Companies are seeing some of their biggest donors taking advantage of the opportunity, MacDonald says. Fundraisers have targeted discussions with individual donors, board members, or campaign committees and have some success when they or a trusted advisor highlight examples of donors who have made use of the provision.
It is wise to discuss this option as many donors are unaware of the change. “I’ve heard a lot of donors that you can imagine sophisticated financial advisers expressing real disappointment for not hearing this from them,” she says. “They heard it from fundraising advisors and development officers instead.”
Equity lens
According to experts, it will continue to be important for companies, foundations and individual donors to act with a view to justice – be it in economic, gender-specific or racist terms.
In the past, companies weren’t necessarily at the forefront of racial and social justice, says Osili. “We’re seeing all of these changes.”
Corporate donation in the coming year will depend on how particular industries and companies are doing in that economy. For example, overall technology was very strong during the pandemic, while sectors like transport did not do so well.
“Fundraising campaigns need to be very well informed about the impact of Covid on a company’s assets and plan their request accordingly,” says MacDonald.
While racial and social justice is increasingly supported, nonprofits of all kinds should think about social and racial justice in relation to their mission.
“It will be up to the organizations to recognize if and where they have contributed to the privilege of whites and then have an honest conversation with their donors about the steps they are taking,” MacDonald says.

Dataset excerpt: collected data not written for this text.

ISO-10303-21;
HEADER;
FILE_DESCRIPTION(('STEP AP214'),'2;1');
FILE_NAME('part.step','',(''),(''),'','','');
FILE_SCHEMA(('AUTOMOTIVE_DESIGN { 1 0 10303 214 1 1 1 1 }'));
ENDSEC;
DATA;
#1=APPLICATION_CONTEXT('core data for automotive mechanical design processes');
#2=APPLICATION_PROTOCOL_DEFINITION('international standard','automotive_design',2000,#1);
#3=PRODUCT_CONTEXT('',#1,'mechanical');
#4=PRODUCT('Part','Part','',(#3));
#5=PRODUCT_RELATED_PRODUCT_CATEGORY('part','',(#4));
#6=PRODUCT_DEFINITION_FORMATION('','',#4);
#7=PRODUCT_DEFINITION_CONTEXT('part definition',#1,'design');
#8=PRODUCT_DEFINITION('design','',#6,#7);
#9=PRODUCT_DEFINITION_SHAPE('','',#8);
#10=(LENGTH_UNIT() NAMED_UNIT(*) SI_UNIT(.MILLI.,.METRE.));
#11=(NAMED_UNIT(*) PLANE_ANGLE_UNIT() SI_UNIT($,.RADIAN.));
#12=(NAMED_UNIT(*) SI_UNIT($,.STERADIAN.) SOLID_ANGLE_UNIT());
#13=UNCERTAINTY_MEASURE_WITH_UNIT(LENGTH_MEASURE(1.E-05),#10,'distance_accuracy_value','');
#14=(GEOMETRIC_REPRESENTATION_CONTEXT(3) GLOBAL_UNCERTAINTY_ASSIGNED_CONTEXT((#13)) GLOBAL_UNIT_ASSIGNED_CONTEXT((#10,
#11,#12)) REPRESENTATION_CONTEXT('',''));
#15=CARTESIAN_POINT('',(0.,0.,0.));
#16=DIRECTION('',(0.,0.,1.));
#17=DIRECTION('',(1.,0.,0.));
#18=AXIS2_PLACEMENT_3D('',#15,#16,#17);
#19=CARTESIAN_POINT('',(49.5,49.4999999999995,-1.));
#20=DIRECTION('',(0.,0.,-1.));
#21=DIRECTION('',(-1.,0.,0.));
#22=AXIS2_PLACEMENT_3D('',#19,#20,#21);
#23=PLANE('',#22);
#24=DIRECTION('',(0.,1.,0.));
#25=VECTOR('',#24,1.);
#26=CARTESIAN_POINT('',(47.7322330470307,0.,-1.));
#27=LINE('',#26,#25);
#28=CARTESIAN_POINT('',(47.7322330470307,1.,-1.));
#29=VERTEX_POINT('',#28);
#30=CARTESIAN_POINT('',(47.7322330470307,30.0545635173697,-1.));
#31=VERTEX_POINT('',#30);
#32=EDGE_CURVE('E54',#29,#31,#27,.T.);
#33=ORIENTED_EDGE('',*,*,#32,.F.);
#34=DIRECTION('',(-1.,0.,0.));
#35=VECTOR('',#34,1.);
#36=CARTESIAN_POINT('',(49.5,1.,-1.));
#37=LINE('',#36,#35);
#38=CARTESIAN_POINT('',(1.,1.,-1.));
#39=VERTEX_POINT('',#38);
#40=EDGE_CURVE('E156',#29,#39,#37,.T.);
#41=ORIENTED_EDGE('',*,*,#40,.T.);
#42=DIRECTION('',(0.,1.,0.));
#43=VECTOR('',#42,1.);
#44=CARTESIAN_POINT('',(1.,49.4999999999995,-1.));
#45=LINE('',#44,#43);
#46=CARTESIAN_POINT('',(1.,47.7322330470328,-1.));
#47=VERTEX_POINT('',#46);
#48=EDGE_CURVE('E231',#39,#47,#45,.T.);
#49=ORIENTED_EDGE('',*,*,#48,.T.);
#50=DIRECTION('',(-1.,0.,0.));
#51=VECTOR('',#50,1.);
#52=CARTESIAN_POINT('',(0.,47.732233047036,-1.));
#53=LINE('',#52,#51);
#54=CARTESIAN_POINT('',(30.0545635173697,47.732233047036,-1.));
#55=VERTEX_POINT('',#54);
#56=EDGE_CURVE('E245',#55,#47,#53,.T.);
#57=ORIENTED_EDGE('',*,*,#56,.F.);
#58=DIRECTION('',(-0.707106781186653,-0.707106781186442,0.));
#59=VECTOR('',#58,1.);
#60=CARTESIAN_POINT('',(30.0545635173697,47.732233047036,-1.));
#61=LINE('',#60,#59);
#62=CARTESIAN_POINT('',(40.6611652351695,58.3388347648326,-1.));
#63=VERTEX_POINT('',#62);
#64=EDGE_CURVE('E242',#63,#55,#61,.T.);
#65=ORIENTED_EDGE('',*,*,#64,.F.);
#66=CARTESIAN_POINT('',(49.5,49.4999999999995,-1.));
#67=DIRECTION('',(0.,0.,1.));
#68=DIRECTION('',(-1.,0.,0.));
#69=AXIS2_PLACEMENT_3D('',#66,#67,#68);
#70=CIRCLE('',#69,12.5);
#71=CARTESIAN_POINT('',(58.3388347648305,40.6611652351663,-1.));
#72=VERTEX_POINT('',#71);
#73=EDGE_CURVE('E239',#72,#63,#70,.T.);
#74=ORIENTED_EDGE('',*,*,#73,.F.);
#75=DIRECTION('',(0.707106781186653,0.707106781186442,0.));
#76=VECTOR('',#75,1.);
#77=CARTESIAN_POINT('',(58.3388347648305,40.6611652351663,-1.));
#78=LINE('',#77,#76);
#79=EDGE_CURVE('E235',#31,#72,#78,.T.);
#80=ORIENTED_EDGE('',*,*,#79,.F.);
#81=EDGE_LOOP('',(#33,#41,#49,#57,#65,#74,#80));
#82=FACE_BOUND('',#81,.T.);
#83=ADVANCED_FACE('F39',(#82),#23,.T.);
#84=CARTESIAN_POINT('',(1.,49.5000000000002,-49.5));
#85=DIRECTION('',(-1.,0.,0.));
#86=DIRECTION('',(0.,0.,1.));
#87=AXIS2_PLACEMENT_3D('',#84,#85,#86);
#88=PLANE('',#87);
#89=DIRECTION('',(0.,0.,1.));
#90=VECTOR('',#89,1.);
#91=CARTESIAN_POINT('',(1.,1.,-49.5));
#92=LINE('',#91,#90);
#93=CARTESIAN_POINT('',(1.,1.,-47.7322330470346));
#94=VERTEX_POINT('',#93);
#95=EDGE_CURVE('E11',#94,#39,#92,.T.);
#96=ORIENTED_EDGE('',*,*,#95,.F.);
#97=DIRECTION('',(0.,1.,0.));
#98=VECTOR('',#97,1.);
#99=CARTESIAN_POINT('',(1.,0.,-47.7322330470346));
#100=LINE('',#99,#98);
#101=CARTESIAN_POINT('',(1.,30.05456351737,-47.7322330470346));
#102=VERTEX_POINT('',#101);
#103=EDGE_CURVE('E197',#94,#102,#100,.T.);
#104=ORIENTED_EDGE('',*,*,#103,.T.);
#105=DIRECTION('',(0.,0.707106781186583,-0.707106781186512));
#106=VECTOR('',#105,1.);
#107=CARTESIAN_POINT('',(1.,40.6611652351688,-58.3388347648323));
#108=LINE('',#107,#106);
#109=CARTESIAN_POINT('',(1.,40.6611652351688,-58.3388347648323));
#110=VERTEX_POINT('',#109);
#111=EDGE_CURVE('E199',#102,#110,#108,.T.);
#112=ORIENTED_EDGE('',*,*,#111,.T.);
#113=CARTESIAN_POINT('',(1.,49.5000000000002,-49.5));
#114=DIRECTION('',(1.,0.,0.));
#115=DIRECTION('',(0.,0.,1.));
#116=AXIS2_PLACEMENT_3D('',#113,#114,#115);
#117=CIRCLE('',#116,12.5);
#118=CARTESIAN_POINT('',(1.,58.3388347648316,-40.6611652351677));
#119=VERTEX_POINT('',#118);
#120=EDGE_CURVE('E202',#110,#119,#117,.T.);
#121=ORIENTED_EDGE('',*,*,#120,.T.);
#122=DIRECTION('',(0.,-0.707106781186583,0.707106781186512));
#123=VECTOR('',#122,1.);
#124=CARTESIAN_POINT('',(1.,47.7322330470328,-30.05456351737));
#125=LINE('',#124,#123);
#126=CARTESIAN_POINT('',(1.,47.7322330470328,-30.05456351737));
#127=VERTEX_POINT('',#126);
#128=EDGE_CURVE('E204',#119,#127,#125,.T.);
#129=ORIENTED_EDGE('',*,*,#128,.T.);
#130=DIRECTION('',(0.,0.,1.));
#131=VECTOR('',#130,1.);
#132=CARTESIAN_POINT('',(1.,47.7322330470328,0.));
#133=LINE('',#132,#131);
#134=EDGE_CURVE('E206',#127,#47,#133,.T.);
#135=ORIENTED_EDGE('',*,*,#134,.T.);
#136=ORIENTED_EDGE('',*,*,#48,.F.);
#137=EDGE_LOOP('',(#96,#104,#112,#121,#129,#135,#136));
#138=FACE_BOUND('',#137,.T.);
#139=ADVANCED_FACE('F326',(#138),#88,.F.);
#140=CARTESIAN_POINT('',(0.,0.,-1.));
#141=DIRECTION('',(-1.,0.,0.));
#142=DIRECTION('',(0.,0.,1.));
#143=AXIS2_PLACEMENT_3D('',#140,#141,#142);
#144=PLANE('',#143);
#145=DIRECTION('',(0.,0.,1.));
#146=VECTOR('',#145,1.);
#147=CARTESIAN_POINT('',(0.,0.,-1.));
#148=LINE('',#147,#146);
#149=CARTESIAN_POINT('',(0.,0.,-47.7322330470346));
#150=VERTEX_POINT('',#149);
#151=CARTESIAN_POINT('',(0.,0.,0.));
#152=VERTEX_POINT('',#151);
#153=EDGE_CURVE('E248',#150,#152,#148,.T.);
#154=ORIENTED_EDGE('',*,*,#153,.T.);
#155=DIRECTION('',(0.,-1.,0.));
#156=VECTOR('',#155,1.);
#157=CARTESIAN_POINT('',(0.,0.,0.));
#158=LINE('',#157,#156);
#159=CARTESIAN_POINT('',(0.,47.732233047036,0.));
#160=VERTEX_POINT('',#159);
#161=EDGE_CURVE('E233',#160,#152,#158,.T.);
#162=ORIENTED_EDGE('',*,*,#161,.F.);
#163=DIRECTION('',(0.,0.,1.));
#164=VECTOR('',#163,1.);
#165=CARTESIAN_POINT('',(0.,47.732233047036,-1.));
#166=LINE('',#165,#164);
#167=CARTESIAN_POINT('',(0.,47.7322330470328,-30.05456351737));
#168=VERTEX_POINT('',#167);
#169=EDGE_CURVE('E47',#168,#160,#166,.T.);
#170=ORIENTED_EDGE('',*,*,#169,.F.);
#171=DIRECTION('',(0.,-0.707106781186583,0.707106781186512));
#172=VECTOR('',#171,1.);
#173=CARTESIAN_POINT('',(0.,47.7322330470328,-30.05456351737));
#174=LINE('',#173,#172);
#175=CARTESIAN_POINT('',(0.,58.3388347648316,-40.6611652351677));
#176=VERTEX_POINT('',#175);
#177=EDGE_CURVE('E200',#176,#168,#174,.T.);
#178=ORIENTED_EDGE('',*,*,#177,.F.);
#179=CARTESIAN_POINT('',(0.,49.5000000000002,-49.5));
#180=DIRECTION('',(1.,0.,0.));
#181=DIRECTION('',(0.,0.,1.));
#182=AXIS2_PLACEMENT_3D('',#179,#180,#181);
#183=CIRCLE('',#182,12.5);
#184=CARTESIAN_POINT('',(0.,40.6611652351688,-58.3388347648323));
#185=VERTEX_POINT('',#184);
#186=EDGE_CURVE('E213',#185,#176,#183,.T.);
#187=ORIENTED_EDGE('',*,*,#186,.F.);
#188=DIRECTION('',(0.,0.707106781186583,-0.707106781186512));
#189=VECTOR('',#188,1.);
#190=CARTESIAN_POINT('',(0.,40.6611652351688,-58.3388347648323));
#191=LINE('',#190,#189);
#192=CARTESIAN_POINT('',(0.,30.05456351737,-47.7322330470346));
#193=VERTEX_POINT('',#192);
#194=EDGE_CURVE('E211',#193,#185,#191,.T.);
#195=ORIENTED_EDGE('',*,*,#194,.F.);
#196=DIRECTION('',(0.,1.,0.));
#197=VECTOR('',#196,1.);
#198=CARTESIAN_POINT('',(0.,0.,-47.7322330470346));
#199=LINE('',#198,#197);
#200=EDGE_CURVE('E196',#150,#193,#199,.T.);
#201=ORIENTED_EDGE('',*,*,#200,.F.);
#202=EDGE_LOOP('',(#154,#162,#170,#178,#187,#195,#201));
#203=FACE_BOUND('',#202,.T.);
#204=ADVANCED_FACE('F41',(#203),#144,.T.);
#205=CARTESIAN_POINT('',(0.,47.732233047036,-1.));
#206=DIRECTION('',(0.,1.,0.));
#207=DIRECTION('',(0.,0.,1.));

Fundraisers would be wise to partner with affinity groups on their largest corporate donors. These affinity groups, for example for black or LGBT workers, have an increasing influence on how their employers give. Corporations are likely working with employee affinity groups to think about the best ways to implement a justice lens in their donations, she says.
Plan ahead
Nobody knows exactly how long it will take for the health and economic crisis to subside. Nonprofits, however, should seize the moment to prepare for the light at the end of the tunnel. “Now is a good time to do a lot of strategic planning and campaign planning when we get this out,” says Hills.
Managers who fundraise should also think about how they position their employees for the future. “When will the development officers be on the road again? How soon do you want to get people back on board? ” he says. Now is the perfect time to ask and plan these questions.
MacDonald expects an increased focus on effective diversity, equity and inclusion efforts in donation teams. There could be more workforce development efforts with organizations recruiting and training young fundraisers, she says, and this can help increase diversity and retention. MacDonald also expects the pandemic’s flexibility to work from anywhere to continue.
Even with a vaccine, nonprofits must continue to make it easy for donors to donate online. “We’re not necessarily assuming that some of the big events and fundraisers that may have happened in the past will happen like the pre-Covid economy,” she says. “Digital engagement and opportunities will continue to be important in 2021 and are expected to grow.”